Cheers Iceman, made my day. 8)


----------



## minsTTerman (Aug 5, 2003)

Just been downstairs and my car looks identical......but there's definately something missing.

I only picked it up on 9th Sept....should I reject the car, or just ask for the replacement part to be delivered?


----------



## RockinRobin (Jul 7, 2007)

I bet you she's not in the standard Audi parts listing 

Thanks Iceman.


----------



## FinFerNan (Feb 28, 2007)

TT what TT


----------



## Guest (Sep 19, 2007)

FinFerNan said:


> TT what TT


 :lol: :lol:


----------



## DXN (May 18, 2002)

all audi show rooms have underfloor heating


----------



## piloTT (Jan 19, 2004)

Blimey    none of the salespersons at my local delaership look anything like that! If they did, then I am sure they would sell a lot more cars.

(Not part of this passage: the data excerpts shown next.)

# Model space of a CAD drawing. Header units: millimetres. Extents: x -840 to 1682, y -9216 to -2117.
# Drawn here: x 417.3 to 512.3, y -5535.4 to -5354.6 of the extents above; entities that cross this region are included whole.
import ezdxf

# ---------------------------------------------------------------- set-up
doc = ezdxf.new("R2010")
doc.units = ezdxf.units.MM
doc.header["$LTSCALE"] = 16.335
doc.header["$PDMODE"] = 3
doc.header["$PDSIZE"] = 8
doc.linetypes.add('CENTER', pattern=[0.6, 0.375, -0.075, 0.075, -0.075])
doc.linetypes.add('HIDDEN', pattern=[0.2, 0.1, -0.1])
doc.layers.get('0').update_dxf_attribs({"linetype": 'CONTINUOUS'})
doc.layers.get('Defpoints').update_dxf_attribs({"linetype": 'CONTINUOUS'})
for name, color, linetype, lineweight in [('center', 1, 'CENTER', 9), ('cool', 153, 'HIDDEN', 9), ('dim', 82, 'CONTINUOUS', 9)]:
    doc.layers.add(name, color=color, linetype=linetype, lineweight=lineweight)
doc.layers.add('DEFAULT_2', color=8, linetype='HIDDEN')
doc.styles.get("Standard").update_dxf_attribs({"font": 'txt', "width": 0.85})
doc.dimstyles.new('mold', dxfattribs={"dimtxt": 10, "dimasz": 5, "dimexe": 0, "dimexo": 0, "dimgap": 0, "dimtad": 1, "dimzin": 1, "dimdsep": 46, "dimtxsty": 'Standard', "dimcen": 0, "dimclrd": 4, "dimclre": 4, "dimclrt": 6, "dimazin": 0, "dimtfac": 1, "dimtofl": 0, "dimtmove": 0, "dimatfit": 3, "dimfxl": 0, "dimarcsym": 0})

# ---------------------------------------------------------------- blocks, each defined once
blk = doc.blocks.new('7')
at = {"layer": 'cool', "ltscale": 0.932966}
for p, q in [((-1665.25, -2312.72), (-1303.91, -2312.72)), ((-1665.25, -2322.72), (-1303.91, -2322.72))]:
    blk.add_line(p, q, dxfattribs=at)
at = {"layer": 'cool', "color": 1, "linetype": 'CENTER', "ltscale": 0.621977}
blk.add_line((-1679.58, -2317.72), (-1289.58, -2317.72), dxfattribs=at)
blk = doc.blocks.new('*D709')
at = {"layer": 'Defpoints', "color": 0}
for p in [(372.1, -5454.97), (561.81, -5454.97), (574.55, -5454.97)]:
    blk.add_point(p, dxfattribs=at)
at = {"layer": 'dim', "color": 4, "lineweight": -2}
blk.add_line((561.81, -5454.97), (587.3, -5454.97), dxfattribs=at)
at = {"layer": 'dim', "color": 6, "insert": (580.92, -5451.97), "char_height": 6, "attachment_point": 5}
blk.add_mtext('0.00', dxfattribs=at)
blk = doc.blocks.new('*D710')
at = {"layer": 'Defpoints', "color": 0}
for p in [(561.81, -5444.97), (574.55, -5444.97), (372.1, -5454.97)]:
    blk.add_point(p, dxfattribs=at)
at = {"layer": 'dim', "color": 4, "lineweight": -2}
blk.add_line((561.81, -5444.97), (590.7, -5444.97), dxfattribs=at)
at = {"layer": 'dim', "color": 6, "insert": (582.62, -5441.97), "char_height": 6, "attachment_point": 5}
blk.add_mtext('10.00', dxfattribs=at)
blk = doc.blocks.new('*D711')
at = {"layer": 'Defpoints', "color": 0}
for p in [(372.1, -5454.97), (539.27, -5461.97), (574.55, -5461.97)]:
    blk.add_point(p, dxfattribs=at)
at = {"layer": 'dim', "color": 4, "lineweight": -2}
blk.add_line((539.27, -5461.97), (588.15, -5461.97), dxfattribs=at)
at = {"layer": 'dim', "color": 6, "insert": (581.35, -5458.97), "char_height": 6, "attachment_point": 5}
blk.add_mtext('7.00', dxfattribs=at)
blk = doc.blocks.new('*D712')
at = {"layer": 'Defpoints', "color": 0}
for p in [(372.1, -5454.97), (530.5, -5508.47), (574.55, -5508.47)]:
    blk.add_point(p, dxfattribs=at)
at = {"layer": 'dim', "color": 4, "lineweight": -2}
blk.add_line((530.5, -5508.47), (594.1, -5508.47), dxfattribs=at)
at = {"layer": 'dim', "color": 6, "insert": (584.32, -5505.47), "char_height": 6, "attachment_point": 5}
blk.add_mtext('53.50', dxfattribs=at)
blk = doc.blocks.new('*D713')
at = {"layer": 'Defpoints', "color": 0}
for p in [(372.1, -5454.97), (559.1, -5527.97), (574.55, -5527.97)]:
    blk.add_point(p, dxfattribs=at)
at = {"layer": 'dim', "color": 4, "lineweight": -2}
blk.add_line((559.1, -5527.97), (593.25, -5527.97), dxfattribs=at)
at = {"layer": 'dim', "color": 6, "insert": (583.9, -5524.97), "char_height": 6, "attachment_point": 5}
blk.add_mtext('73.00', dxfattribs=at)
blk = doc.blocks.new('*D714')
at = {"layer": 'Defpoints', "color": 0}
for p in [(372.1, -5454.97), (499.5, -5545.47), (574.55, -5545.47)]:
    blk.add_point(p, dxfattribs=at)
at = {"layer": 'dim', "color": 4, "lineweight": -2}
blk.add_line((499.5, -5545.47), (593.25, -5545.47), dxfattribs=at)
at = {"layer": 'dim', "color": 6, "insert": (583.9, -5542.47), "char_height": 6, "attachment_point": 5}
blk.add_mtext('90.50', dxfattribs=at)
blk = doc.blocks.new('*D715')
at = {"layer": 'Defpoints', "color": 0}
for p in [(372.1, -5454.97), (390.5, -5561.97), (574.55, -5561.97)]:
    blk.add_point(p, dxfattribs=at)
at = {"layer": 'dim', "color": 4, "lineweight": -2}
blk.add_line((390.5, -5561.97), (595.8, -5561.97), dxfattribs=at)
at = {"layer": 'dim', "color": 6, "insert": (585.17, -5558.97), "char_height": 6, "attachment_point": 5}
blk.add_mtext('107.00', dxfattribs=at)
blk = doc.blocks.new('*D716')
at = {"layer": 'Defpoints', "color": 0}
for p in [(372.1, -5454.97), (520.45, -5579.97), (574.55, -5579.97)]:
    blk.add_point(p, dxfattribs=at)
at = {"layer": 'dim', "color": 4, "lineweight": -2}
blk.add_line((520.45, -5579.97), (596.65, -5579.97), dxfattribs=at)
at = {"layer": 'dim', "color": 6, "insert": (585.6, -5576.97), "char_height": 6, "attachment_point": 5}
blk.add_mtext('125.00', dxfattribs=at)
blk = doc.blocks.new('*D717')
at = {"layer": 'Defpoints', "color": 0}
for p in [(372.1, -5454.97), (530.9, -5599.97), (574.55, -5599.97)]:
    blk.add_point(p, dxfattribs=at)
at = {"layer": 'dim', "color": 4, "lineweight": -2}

Remember those round strange marks that people were seeing on their side windows????? now we know what they are


----------



## DSB TTR (Sep 18, 2007)

Are those air bags optional? I didn't see them in the brochure [smiley=dizzy2.gif]


----------



## piloTT (Jan 19, 2004)

Are those S-Line bumpers?


----------



## RichGall (Aug 21, 2007)

Does she come as standard???
LOL


----------



## Godzilla (Feb 20, 2007)

DXN said:


> all audi show rooms have underfloor heating


Must tell that dealers to turn theirs up then. She kept on far too many clothes


----------



## jmoors (Mar 24, 2007)

Has that been recently waxed?


----------



## BobFat (Jul 24, 2007)

jmoors said:


> Has that been recently waxed?


Definitely a missed opportunity. She could give me a lesson on polishing, waxing and buffing any day.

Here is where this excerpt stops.